I can relate! By the time I got around to repairing all the lose and broken towel racks in my house, there were NONE that were still holding up well --and most of them required pretty extensive drywall repairs before I could even think about doing the towel racks. One instance, a roomate getting out of the shower slipped and grabbed the towel rack to slow her fall, she managed to rip the rack and anchors right out of the wall!! So now I stiffen my towel rack mounts with 2x4's wherever I think they may wind up!!

Personally, I have never liked working with toggle bolts. I found they made holes way too large for my comfort and made changes in the future a real pain. I'd recommend using plastic expanding anchors for the side that isn't on the stud. Also, a real good idea would be to pick up a piece of drywall patch (usually a 2'x2' piece) and just play with the anchors to see how well they work for you and how it looks on the back side.

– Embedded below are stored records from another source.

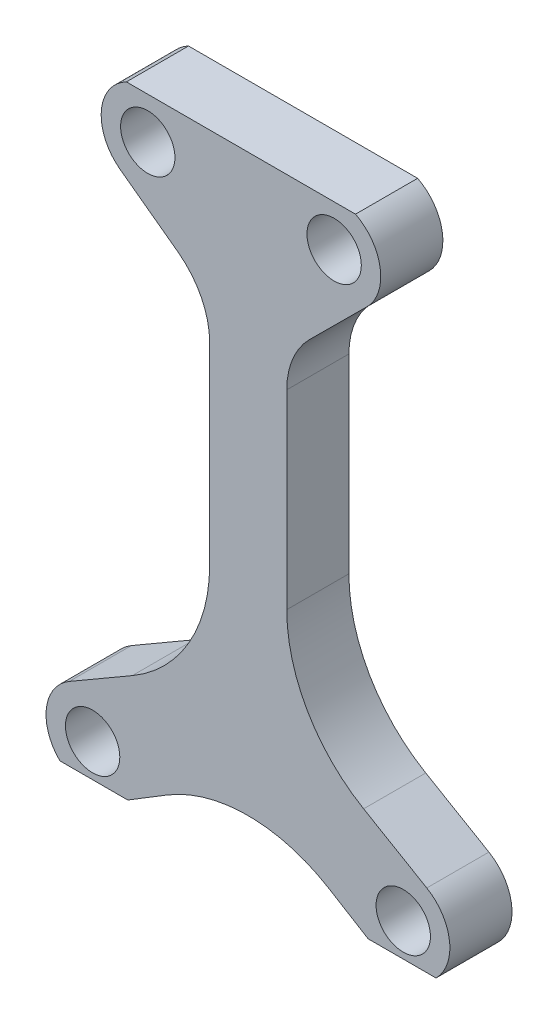
ISO-10303-21;
HEADER;
FILE_DESCRIPTION(('STEP AP214'),'2;1');
FILE_NAME('part.step','',(''),(''),'','','');
FILE_SCHEMA(('AUTOMOTIVE_DESIGN { 1 0 10303 214 1 1 1 1 }'));
ENDSEC;
DATA;
#1=APPLICATION_CONTEXT('core data for automotive mechanical design processes');
#2=APPLICATION_PROTOCOL_DEFINITION('international standard','automotive_design',2000,#1);
#3=PRODUCT_CONTEXT('',#1,'mechanical');
#4=PRODUCT('Part','Part','',(#3));
#5=PRODUCT_RELATED_PRODUCT_CATEGORY('part','',(#4));
#6=PRODUCT_DEFINITION_FORMATION('','',#4);
#7=PRODUCT_DEFINITION_CONTEXT('part definition',#1,'design');
#8=PRODUCT_DEFINITION('design','',#6,#7);
#9=PRODUCT_DEFINITION_SHAPE('','',#8);
#10=(LENGTH_UNIT() NAMED_UNIT(*) SI_UNIT(.MILLI.,.METRE.));
#11=(NAMED_UNIT(*) PLANE_ANGLE_UNIT() SI_UNIT($,.RADIAN.));
#12=(NAMED_UNIT(*) SI_UNIT($,.STERADIAN.) SOLID_ANGLE_UNIT());
#13=UNCERTAINTY_MEASURE_WITH_UNIT(LENGTH_MEASURE(1.E-05),#10,'distance_accuracy_value','');
#14=(GEOMETRIC_REPRESENTATION_CONTEXT(3) GLOBAL_UNCERTAINTY_ASSIGNED_CONTEXT((#13)) GLOBAL_UNIT_ASSIGNED_CONTEXT((#10,
#11,#12)) REPRESENTATION_CONTEXT('',''));
#15=CARTESIAN_POINT('',(0.,0.,0.));
#16=DIRECTION('',(0.,0.,1.));
#17=DIRECTION('',(1.,0.,0.));
#18=AXIS2_PLACEMENT_3D('',#15,#16,#17);
#19=CARTESIAN_POINT('',(0.,0.,4.));
#20=DIRECTION('',(0.,1.,0.));
#21=DIRECTION('',(0.,0.,1.));
#22=AXIS2_PLACEMENT_3D('',#19,#20,#21);
#23=PLANE('',#22);
#24=DIRECTION('',(0.,0.,1.));
#25=VECTOR('',#24,1.);
#26=CARTESIAN_POINT('',(26.1079954434977,0.,0.));
#27=LINE('',#26,#25);
#28=CARTESIAN_POINT('',(26.1079954434977,0.,4.));
#29=VERTEX_POINT('',#28);
#30=CARTESIAN_POINT('',(26.1079954434977,0.,0.));
#31=VERTEX_POINT('',#30);
#32=EDGE_CURVE('E363',#29,#31,#27,.F.);
#33=ORIENTED_EDGE('',*,*,#32,.F.);
#34=DIRECTION('',(1.,0.,0.));
#35=VECTOR('',#34,1.);
#36=CARTESIAN_POINT('',(0.,0.,4.));
#37=LINE('',#36,#35);
#38=CARTESIAN_POINT('',(21.7389056072508,0.,4.));
#39=VERTEX_POINT('',#38);
#40=EDGE_CURVE('E398',#39,#29,#37,.T.);
#41=ORIENTED_EDGE('',*,*,#40,.F.);
#42=DIRECTION('',(0.,0.,1.));
#43=VECTOR('',#42,1.);
#44=CARTESIAN_POINT('',(21.7389056072508,0.,4.));
#45=LINE('',#44,#43);
#46=CARTESIAN_POINT('',(21.7389056072508,0.,0.));
#47=VERTEX_POINT('',#46);
#48=EDGE_CURVE('E360',#47,#39,#45,.T.);
#49=ORIENTED_EDGE('',*,*,#48,.F.);
#50=DIRECTION('',(1.,0.,0.));
#51=VECTOR('',#50,1.);
#52=CARTESIAN_POINT('',(0.,0.,0.));
#53=LINE('',#52,#51);
#54=EDGE_CURVE('E370',#47,#31,#53,.T.);
#55=ORIENTED_EDGE('',*,*,#54,.T.);
#56=EDGE_LOOP('',(#33,#41,#49,#55));
#57=FACE_BOUND('',#56,.T.);
#58=ADVANCED_FACE('F38',(#57),#23,.F.);
#59=DIRECTION('',(0.,0.,-1.));
#60=VECTOR('',#59,1.);
#61=CARTESIAN_POINT('',(6.26109439275633,0.,4.));
#62=LINE('',#61,#60);
#63=CARTESIAN_POINT('',(6.26109439275633,0.,4.));
#64=VERTEX_POINT('',#63);
#65=CARTESIAN_POINT('',(6.26109439275633,0.,0.));
#66=VERTEX_POINT('',#65);
#67=EDGE_CURVE('E61',#64,#66,#62,.T.);
#68=ORIENTED_EDGE('',*,*,#67,.F.);
#69=CARTESIAN_POINT('',(1.89200455651023,0.,4.));
#70=VERTEX_POINT('',#69);
#71=EDGE_CURVE('E402',#70,#64,#37,.T.);
#72=ORIENTED_EDGE('',*,*,#71,.F.);
#73=DIRECTION('',(0.,0.,1.));
#74=VECTOR('',#73,1.);
#75=CARTESIAN_POINT('',(1.89200455651023,0.,0.));
#76=LINE('',#75,#74);
#77=CARTESIAN_POINT('',(1.89200455651023,0.,0.));
#78=VERTEX_POINT('',#77);
#79=EDGE_CURVE('E355',#78,#70,#76,.T.);
#80=ORIENTED_EDGE('',*,*,#79,.F.);
#81=EDGE_CURVE('E412',#78,#66,#53,.T.);
#82=ORIENTED_EDGE('',*,*,#81,.T.);
#83=EDGE_LOOP('',(#68,#72,#80,#82));
#84=FACE_BOUND('',#83,.T.);
#85=ADVANCED_FACE('F463',(#84),#23,.F.);
#86=CARTESIAN_POINT('',(0.,40.,4.));
#87=DIRECTION('',(0.,-1.,0.));
#88=DIRECTION('',(0.,0.,-1.));
#89=AXIS2_PLACEMENT_3D('',#86,#87,#88);
#90=PLANE('',#89);
#91=DIRECTION('',(0.,0.,1.));
#92=VECTOR('',#91,1.);
#93=CARTESIAN_POINT('',(6.17324998088211,40.,0.));
#94=LINE('',#93,#92);
#95=CARTESIAN_POINT('',(6.17324998088211,40.,4.));
#96=VERTEX_POINT('',#95);
#97=CARTESIAN_POINT('',(6.17324998088211,40.,0.));
#98=VERTEX_POINT('',#97);
#99=EDGE_CURVE('E352',#96,#98,#94,.F.);
#100=ORIENTED_EDGE('',*,*,#99,.F.);
#101=DIRECTION('',(-1.,0.,0.));
#102=VECTOR('',#101,1.);
#103=CARTESIAN_POINT('',(0.,40.,4.));
#104=LINE('',#103,#102);
#105=CARTESIAN_POINT('',(20.9267500191273,40.,4.));
#106=VERTEX_POINT('',#105);
#107=EDGE_CURVE('E404',#106,#96,#104,.T.);
#108=ORIENTED_EDGE('',*,*,#107,.F.);
#109=DIRECTION('',(0.,0.,1.));
#110=VECTOR('',#109,1.);
#111=CARTESIAN_POINT('',(20.9267500191273,40.,0.));
#112=LINE('',#111,#110);
#113=CARTESIAN_POINT('',(20.9267500191273,40.,0.));
#114=VERTEX_POINT('',#113);
#115=EDGE_CURVE('E316',#114,#106,#112,.T.);
#116=ORIENTED_EDGE('',*,*,#115,.F.);
#117=DIRECTION('',(-1.,0.,0.));
#118=VECTOR('',#117,1.);
#119=CARTESIAN_POINT('',(0.,40.,0.));
#120=LINE('',#119,#118);
#121=EDGE_CURVE('E403',#114,#98,#120,.T.);
#122=ORIENTED_EDGE('',*,*,#121,.T.);
#123=EDGE_LOOP('',(#100,#108,#116,#122));
#124=FACE_BOUND('',#123,.T.);
#125=ADVANCED_FACE('F428',(#124),#90,.F.);
#126=CARTESIAN_POINT('',(0.,0.,4.));
#127=DIRECTION('',(0.,0.,-1.));
#128=DIRECTION('',(-1.,0.,0.));
#129=AXIS2_PLACEMENT_3D('',#126,#127,#128);
#130=PLANE('',#129);
#131=CARTESIAN_POINT('',(24.0000000000039,2.13456206520436,4.));
#132=DIRECTION('',(0.,0.,1.));
#133=DIRECTION('',(1.,0.,0.));
#134=AXIS2_PLACEMENT_3D('',#131,#132,#133);
#135=CIRCLE('',#134,1.75);
#136=CARTESIAN_POINT('',(25.7500000000039,2.13456206520436,4.));
#137=VERTEX_POINT('',#136);
#138=EDGE_CURVE('E387',#137,#137,#135,.T.);
#139=ORIENTED_EDGE('',*,*,#138,.F.);
#140=EDGE_LOOP('',(#139));
#141=FACE_BOUND('',#140,.T.);
#142=CARTESIAN_POINT('',(7.55000000000471,37.3345620650921,4.));
#143=DIRECTION('',(0.,0.,1.));
#144=DIRECTION('',(1.,0.,0.));
#145=AXIS2_PLACEMENT_3D('',#142,#143,#144);
#146=CIRCLE('',#145,1.75);
#147=CARTESIAN_POINT('',(9.30000000000471,37.3345620650921,4.));
#148=VERTEX_POINT('',#147);
#149=EDGE_CURVE('E380',#148,#148,#146,.T.);
#150=ORIENTED_EDGE('',*,*,#149,.F.);
#151=EDGE_LOOP('',(#150));
#152=FACE_BOUND('',#151,.T.);
#153=CARTESIAN_POINT('',(19.5500000000047,37.3345620650921,4.));
#154=DIRECTION('',(0.,0.,1.));
#155=DIRECTION('',(1.,0.,0.));
#156=AXIS2_PLACEMENT_3D('',#153,#154,#155);
#157=CIRCLE('',#156,1.75);
#158=CARTESIAN_POINT('',(21.3000000000047,37.3345620650921,4.));
#159=VERTEX_POINT('',#158);
#160=EDGE_CURVE('E365',#159,#159,#157,.T.);
#161=ORIENTED_EDGE('',*,*,#160,.F.);
#162=EDGE_LOOP('',(#161));
#163=FACE_BOUND('',#162,.T.);
#164=CARTESIAN_POINT('',(4.00000000000394,2.13456206520442,4.));
#165=DIRECTION('',(0.,0.,1.));
#166=DIRECTION('',(1.,0.,0.));
#167=AXIS2_PLACEMENT_3D('',#164,#165,#166);
#168=CIRCLE('',#167,1.75);
#169=CARTESIAN_POINT('',(5.75000000000394,2.13456206520442,4.));
#170=VERTEX_POINT('',#169);
#171=EDGE_CURVE('E371',#170,#170,#168,.T.);
#172=ORIENTED_EDGE('',*,*,#171,.F.);
#173=EDGE_LOOP('',(#172));
#174=FACE_BOUND('',#173,.T.);
#175=DIRECTION('',(0.853556600559129,-0.521000124416438,0.));
#176=VECTOR('',#175,1.);
#177=CARTESIAN_POINT('',(19.2100012441668,1.54361115237226,4.));
#178=LINE('',#177,#176);
#179=CARTESIAN_POINT('',(19.2100012441668,1.54361115237226,4.));
#180=VERTEX_POINT('',#179);
#181=EDGE_CURVE('E309',#180,#39,#178,.T.);
#182=ORIENTED_EDGE('',*,*,#181,.T.);
#183=ORIENTED_EDGE('',*,*,#40,.T.);
#184=CARTESIAN_POINT('',(24.0000000000039,2.13456206520436,4.));
#185=DIRECTION('',(0.,0.,1.));
#186=DIRECTION('',(1.,0.,0.));
#187=AXIS2_PLACEMENT_3D('',#184,#185,#186);
#188=CIRCLE('',#187,3.);
#189=CARTESIAN_POINT('',(25.51532512477,4.72372984004107,4.));
#190=VERTEX_POINT('',#189);
#191=EDGE_CURVE('E248',#29,#190,#188,.T.);
#192=ORIENTED_EDGE('',*,*,#191,.T.);
#193=DIRECTION('',(-0.863055924945569,0.505108374922004,0.));
#194=VECTOR('',#193,1.);
#195=CARTESIAN_POINT('',(21.44891625078,7.1036186963038,4.));
#196=LINE('',#195,#194);
#197=CARTESIAN_POINT('',(21.44891625078,7.10361869630379,4.));
#198=VERTEX_POINT('',#197);
#199=EDGE_CURVE('E252',#190,#198,#196,.T.);
#200=ORIENTED_EDGE('',*,*,#199,.T.);
#201=CARTESIAN_POINT('',(26.5,15.7341779457595,4.));
#202=DIRECTION('',(0.,0.,-1.));
#203=DIRECTION('',(-1.,0.,0.));
#204=AXIS2_PLACEMENT_3D('',#201,#202,#203);
#205=CIRCLE('',#204,10.);
#206=CARTESIAN_POINT('',(16.5,15.7341779457596,4.));
#207=VERTEX_POINT('',#206);
#208=EDGE_CURVE('E256',#198,#207,#205,.T.);
#209=ORIENTED_EDGE('',*,*,#208,.T.);
#210=DIRECTION('',(0.,1.,0.));
#211=VECTOR('',#210,1.);
#212=CARTESIAN_POINT('',(16.5,27.9926692747528,4.));
#213=LINE('',#212,#211);
#214=CARTESIAN_POINT('',(16.5,27.9926692747528,4.));
#215=VERTEX_POINT('',#214);
#216=EDGE_CURVE('E182',#207,#215,#213,.T.);
#217=ORIENTED_EDGE('',*,*,#216,.T.);
#218=CARTESIAN_POINT('',(21.5,27.9926692747528,4.));
#219=DIRECTION('',(0.,0.,-1.));
#220=DIRECTION('',(1.,0.,0.));
#221=AXIS2_PLACEMENT_3D('',#218,#219,#220);
#222=CIRCLE('',#221,5.);
#223=CARTESIAN_POINT('',(17.9749396182113,31.5386457699856,4.));
#224=VERTEX_POINT('',#223);
#225=EDGE_CURVE('E261',#215,#224,#222,.T.);
#226=ORIENTED_EDGE('',*,*,#225,.T.);
#227=DIRECTION('',(0.709195299046571,0.705012076357735,0.));
#228=VECTOR('',#227,1.);
#229=CARTESIAN_POINT('',(17.9749396182113,31.5386457699856,4.));
#230=LINE('',#229,#228);
#231=CARTESIAN_POINT('',(21.6650362290779,35.2069761679524,4.));
#232=VERTEX_POINT('',#231);
#233=EDGE_CURVE('E265',#224,#232,#230,.T.);
#234=ORIENTED_EDGE('',*,*,#233,.T.);
#235=CARTESIAN_POINT('',(19.5500000000047,37.3345620650921,4.));
#236=DIRECTION('',(0.,0.,1.));
#237=DIRECTION('',(1.,0.,0.));
#238=AXIS2_PLACEMENT_3D('',#235,#236,#237);
#239=CIRCLE('',#238,3.);
#240=EDGE_CURVE('E269',#232,#106,#239,.T.);
#241=ORIENTED_EDGE('',*,*,#240,.T.);
#242=ORIENTED_EDGE('',*,*,#107,.T.);
#243=CARTESIAN_POINT('',(7.55000000000471,37.3345620650921,4.));
#244=DIRECTION('',(0.,0.,1.));
#245=DIRECTION('',(1.,0.,0.));
#246=AXIS2_PLACEMENT_3D('',#243,#244,#245);
#247=CIRCLE('',#246,3.);
#248=CARTESIAN_POINT('',(5.77076355040617,34.919128841751,4.));
#249=VERTEX_POINT('',#248);
#250=EDGE_CURVE('E273',#96,#249,#247,.T.);
#251=ORIENTED_EDGE('',*,*,#250,.T.);
#252=DIRECTION('',(0.805144407780368,-0.593078816532846,0.));
#253=VECTOR('',#252,1.);
#254=CARTESIAN_POINT('',(5.77076355040617,34.919128841751,4.));
#255=LINE('',#254,#253);
#256=CARTESIAN_POINT('',(9.50151194166027,32.1710158085045,4.));
#257=VERTEX_POINT('',#256);
#258=EDGE_CURVE('E277',#249,#257,#255,.T.);
#259=ORIENTED_EDGE('',*,*,#258,.T.);
#260=CARTESIAN_POINT('',(6.53611785899604,28.1452937696026,4.));
#261=DIRECTION('',(0.,0.,-1.));
#262=DIRECTION('',(1.,0.,0.));
#263=AXIS2_PLACEMENT_3D('',#260,#261,#262);
#264=CIRCLE('',#263,5.);
#265=CARTESIAN_POINT('',(11.536117858996,28.1452937696026,4.));
#266=VERTEX_POINT('',#265);
#267=EDGE_CURVE('E281',#257,#266,#264,.T.);
#268=ORIENTED_EDGE('',*,*,#267,.T.);
#269=DIRECTION('',(0.,-1.,0.));
#270=VECTOR('',#269,1.);
#271=CARTESIAN_POINT('',(11.536117858996,28.1452937696026,4.));
#272=LINE('',#271,#270);
#273=CARTESIAN_POINT('',(11.536117858996,15.7341925211431,4.));
#274=VERTEX_POINT('',#273);
#275=EDGE_CURVE('E285',#266,#274,#272,.T.);
#276=ORIENTED_EDGE('',*,*,#275,.T.);
#277=CARTESIAN_POINT('',(1.53611785899604,15.7341925211431,4.));
#278=DIRECTION('',(0.,0.,-1.));
#279=DIRECTION('',(-1.,0.,0.));
#280=AXIS2_PLACEMENT_3D('',#277,#278,#279);
#281=CIRCLE('',#280,10.);
#282=CARTESIAN_POINT('',(6.55381263069558,7.08417869583285,4.));
#283=VERTEX_POINT('',#282);
#284=EDGE_CURVE('E289',#274,#283,#281,.T.);
#285=ORIENTED_EDGE('',*,*,#284,.T.);
#286=DIRECTION('',(-0.865001382531029,-0.501769477169953,0.));
#287=VECTOR('',#286,1.);
#288=CARTESIAN_POINT('',(6.55381263069558,7.08417869583285,4.));
#289=LINE('',#288,#287);
#290=CARTESIAN_POINT('',(2.49469156849407,4.72956621279751,4.));
#291=VERTEX_POINT('',#290);
#292=EDGE_CURVE('E293',#283,#291,#289,.T.);
#293=ORIENTED_EDGE('',*,*,#292,.T.);
#294=CARTESIAN_POINT('',(4.00000000000394,2.13456206520442,4.));
#295=DIRECTION('',(0.,0.,1.));
#296=DIRECTION('',(1.,0.,0.));
#297=AXIS2_PLACEMENT_3D('',#294,#295,#296);
#298=CIRCLE('',#297,3.);
#299=EDGE_CURVE('E297',#291,#70,#298,.T.);
#300=ORIENTED_EDGE('',*,*,#299,.T.);
#301=ORIENTED_EDGE('',*,*,#71,.T.);
#302=DIRECTION('',(0.853556600558915,0.521000124416788,0.));
#303=VECTOR('',#302,1.);
#304=CARTESIAN_POINT('',(5.5630003732543,-0.426107736472325,4.));
#305=LINE('',#304,#303);
#306=CARTESIAN_POINT('',(8.78999875583448,1.54361115237013,4.));
#307=VERTEX_POINT('',#306);
#308=EDGE_CURVE('E301',#64,#307,#305,.T.);
#309=ORIENTED_EDGE('',*,*,#308,.T.);
#310=CARTESIAN_POINT('',(14.0000000000024,-6.991954853219,4.));
#311=DIRECTION('',(0.,0.,-1.));
#312=DIRECTION('',(-1.,0.,0.));
#313=AXIS2_PLACEMENT_3D('',#310,#311,#312);
#314=CIRCLE('',#313,10.);
#315=EDGE_CURVE('E305',#307,#180,#314,.T.);
#316=ORIENTED_EDGE('',*,*,#315,.T.);
#317=EDGE_LOOP('',(#182,#183,#192,#200,#209,#217,#226,#234,#241,#242,#251,#259,#268,#276,#285,
#293,#300,#301,#309,#316));
#318=FACE_BOUND('',#317,.T.);
#319=ADVANCED_FACE('F434',(#141,#152,#163,#174,#318),#130,.F.);
#320=CARTESIAN_POINT('',(0.,0.,0.));
#321=DIRECTION('',(0.,0.,-1.));
#322=DIRECTION('',(-1.,0.,0.));
#323=AXIS2_PLACEMENT_3D('',#320,#321,#322);
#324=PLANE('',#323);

Anchors can be a tricky thing to find a brand and a style that works for you and your liking --and hold well.

Good luck and let us know how well it goes for you!!


----------



## sbattisti (Jan 31, 2009)

perpetualjon said:


> Personally, I have never liked working with toggle bolts. I found they made holes way too large for my comfort and made changes in the future a real pain. I'd recommend using plastic expanding anchors for the side that isn't on the stud. Also, a real good idea would be to pick up a piece of drywall patch (usually a 2'x2' piece) and just play with the anchors to see how well they work for you and how it looks on the back side. Anchors can be a tricky thing to find a brand and a style that works for you and your liking --and hold well.!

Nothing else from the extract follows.